Mit PEPP gescheitert

Vertriebsstart Paneuropäischer Pensionsprodukte wäre der 22.03.2022. Nur: In Europa bietet kein einziger Versicherer ein solches Vorsorgeprodukt an. VOTUM-Chef Klein hat nun diesen Fehlstart dazu genutzt, das gesamte Prozedere kritisch zu hinterfragen.

Die Welt der Altersvorsorgeprodukte könnte aus Sicht der EU-Gesetzgebung und ihren Regularien so schön ein. Gäbe es doch nur ein Produkt, das nicht nur ökologische, soziale und unternehmensbezogene Faktoren berücksichtigt, sondern das noch dazu möglichst einfach, sicher, angemessen im Preis, transparent, verbraucherfreundlich und unionsweit mitnahmefähig ist. Und tatsächlich: Bereits im Juli 2019 veröffentlichte die EU-Kommission eine Verordnung über die Einführung eines sogenannten europaumfassenden privaten Pensionsprodukts – kurz PEPP (AssCompact berichtete bereits) – welches genau diese Kriterien für ein EU-weites privates Altersvorsorgeprodukt erfüllen sollte. Am 22.03.2022 sollte nun der große Vertriebsstart innerhalb der EU für solche Vorsorgeprodukte sein: Nur: In Europa bietet kein einziger Versicherer ein solches Produkt an.

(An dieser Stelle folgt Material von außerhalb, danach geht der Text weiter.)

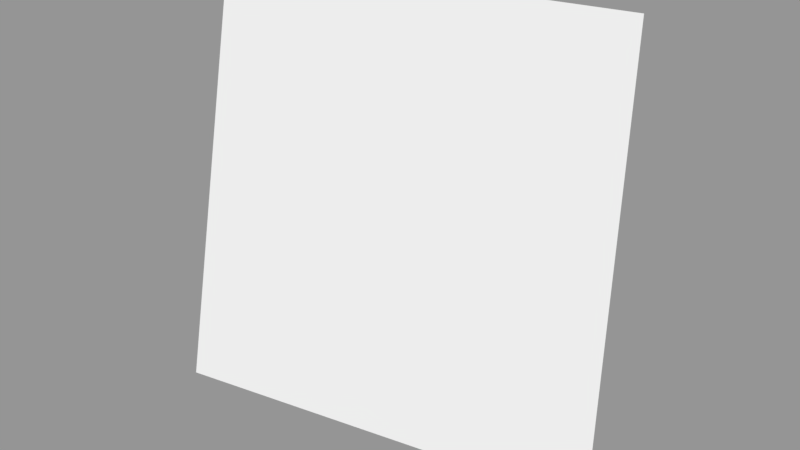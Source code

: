 # Source: Surface062.blend  (saved by Blender 2.79.0; exported with 4.5.12 LTS)
import bpy
from mathutils import Matrix  # noqa: F401  (used for matrix-valued properties, if any)

bpy.ops.wm.read_factory_settings(use_empty=True)
scene = bpy.context.scene
scene.name = 'Scene'

# ---- collections
col_collection_1 = bpy.data.collections.new('Collection 1'); scene.collection.children.link(col_collection_1)

# ---- meshes
me_sphere_069 = bpy.data.meshes.new('Sphere.069')
me_sphere_069.from_pydata([(0.3536, -0.8536, 0.3827), (0.3827, -0.9239, -4.371e-08), (-2.962e-07, -0.9239, 0.3827), (-3.26e-07, -1.0, -4.371e-08)], [], [(1, 0, 2, 3)])
_ca = me_sphere_069.color_attributes.new('Col', 'BYTE_COLOR', 'CORNER')
_ca.data.foreach_set('color', [1.0, 1.0, 1.0, 1.0, 1.0, 1.0, 1.0, 1.0, 1.0, 1.0, 1.0, 1.0, 1.0, 1.0, 1.0, 1.0])
me_sphere_069.use_remesh_preserve_volume = False
me_sphere_069.use_remesh_preserve_attributes = False
me_sphere_069.use_mirror_vertex_groups = False
me_sphere_069.update()

# ---- objects
ob_surface062 = bpy.data.objects.new('Surface062', me_sphere_069)

# ---- transforms, parenting, visibility, modifiers, constraints
ob_surface062.location = (0.0, 0.0, 0.0)
ob_surface062.scale = (1e+04, 1e+04, 1e+04)
ob_surface062.lineart.crease_threshold = 0.0

# ---- collection membership
col_collection_1.objects.link(ob_surface062)

# ---- scene / render settings (as saved in the file)
scene.frame_start = 1; scene.frame_end = 250; scene.frame_set(1)
scene.render.engine = 'BLENDER_EEVEE_NEXT'
scene.render.resolution_percentage = 50
scene.render.dither_intensity = 0.0
scene.cycles.use_denoising = False
scene.cycles.samples = 128
scene.cycles.sampling_pattern = 'TABULATED_SOBOL'
scene.cycles.use_adaptive_sampling = False
scene.cycles.use_light_tree = False
scene.cycles.blur_glossy = 0.0
scene.cycles.sample_clamp_indirect = 0.0
scene.view_settings.view_transform = 'Standard'
bpy.context.view_layer.update()

# ---- added for rendering (the .blend has no active camera and no usable light): camera, sun + grey world if the file has none
cam_auto = bpy.data.cameras.new('AutoCamera')
cam_auto.lens = 50.0
cam_auto.sensor_width = 36.0
cam_auto.clip_end = 91037.9
ob_auto_camera = bpy.data.objects.new('AutoCamera', cam_auto)
scene.collection.objects.link(ob_auto_camera)
ob_auto_camera.location = (7100.78, -15492.6, 6063.31)
ob_auto_camera.rotation_euler = (1.09748, -7.21219e-08, 0.694738)
scene.camera = ob_auto_camera
light_auto_sun = bpy.data.lights.new('AutoSun', 'SUN')
light_auto_sun.energy = 3.0
light_auto_sun.angle = 0.0523599
ob_auto_sun = bpy.data.objects.new('AutoSun', light_auto_sun)
scene.collection.objects.link(ob_auto_sun)
ob_auto_sun.rotation_euler = (0.872665, 0.174533, 0.523599)
if scene.world is None:
    world_auto = bpy.data.worlds.new('AutoWorld')
    world_auto.color = (0.3, 0.3, 0.3)
    scene.world = world_auto
bpy.context.view_layer.update()

VOTUM-Chef Klein: Unrealistische Wunschvorstellungen als Geburtsfehler

Diesen Fehlstart des PEPP hat nun der geschäftsführende Vorstand des Branchenverbands VOTUM Verband Unabhängiger Finanzdienstleistungsunternehmen in Europa e.V., Martin Klein, zum Anlass genommen, Kritik am Prozedere der Produkteinführung zu nehmen. So prangert Klein in seiner Stellungnahme an, dass diese Entwicklung deutlich den Geburtsfehler der „Europarente“ aufzeige. Denn: „Wenn EU-Gesetzgeber und Regulatoren mit unrealistischen Wunschvorstellungen selbst Produktentwickler spielen, dürfen sie sich nicht wundern, dass der Markt nicht folgt. [...] Der Zwang, bei jedem Angebot auch ein Standardprodukt mit hohen Garantien, Inflationsausgleich und minimalen Kosten – also das Perpetuum mobile der Altersvorsorge – vorzuhalten“, so Klein weiter, „lässt die Anbieter zurecht zurückschrecken.“

Vorsorge finanziert sich nicht aus „Luft und Liebe“

Die andauernd niedrigen Zinsen bei gleichzeitig steigender Inflation seien in der Fantasie der europäischen Produktregulierer offenbar nicht präsent gewesen, unkt der VOTUM-Chef in der Stellungnahme. „Der Kern des Problems ist die viel zu starre Begrenzung der Kosten. Jeder Anbieter weiß, dass gerade in der Anfangsphase einer Produktlinie Verwaltungskosten deutlich erhöht sind und sich eine Entwicklung für einen ungewissen Markt schnell als unrentables Zuschussgeschäft entpuppt“, zeigt Klein auf. Klein prognostiziert daher, dass ein PEPP ohne die Möglichkeit einer angemessenen Vertriebsvergütung auch keine Kunden finden wird: „Dies gilt ebenso für die von der Europäischen Kommission so hoch geschätzten digitalen Absatzwege, denen in jüngster Zeit gesetzgeberische Erleichterungen bei der Kundeninformation in Aussicht gestellt wurden. Auch diese finanzieren sich nicht von Luft und Liebe.“

Fehlstart auch als eindeutiges Warnsignal an die Bundesregierung

Mit Blick auf die Einführung der Riester-Versicherung erkennt Klein Parallelen zur gegenwärtigen Situation und konstatiert: „Der Fehlstart von PEPP zeigt, dass Gesetzgeber und Aufseher aus den Fehlern der Vergangenheit wieder nicht gelernt haben. Hier hätte insbesondere ein Blick in die Vergangenheit der Riester-Versicherung für Einsicht gesorgt. Auch hier hatte man am Start Produktschranken vorgegeben, welche die Verbreitung dieser sinnvollen privaten Vorsorge zunächst zum Rohrkrepierer werden ließen.“ Mit Verweis auf die aktuellen Probleme bei Riester-Produkten wie überkomplexe Zulagenverfahren fordert der VOTUM-Chef daher von den Berliner Politikakteuren: „Die Bundesregierung sollte bei ihren Gedanken zu einer Neugestaltung der Riester-Versicherung die aktuelle Situation bei PEPP genau betrachten, um nicht den gleichen Fehler wieder zu machen.“ (as)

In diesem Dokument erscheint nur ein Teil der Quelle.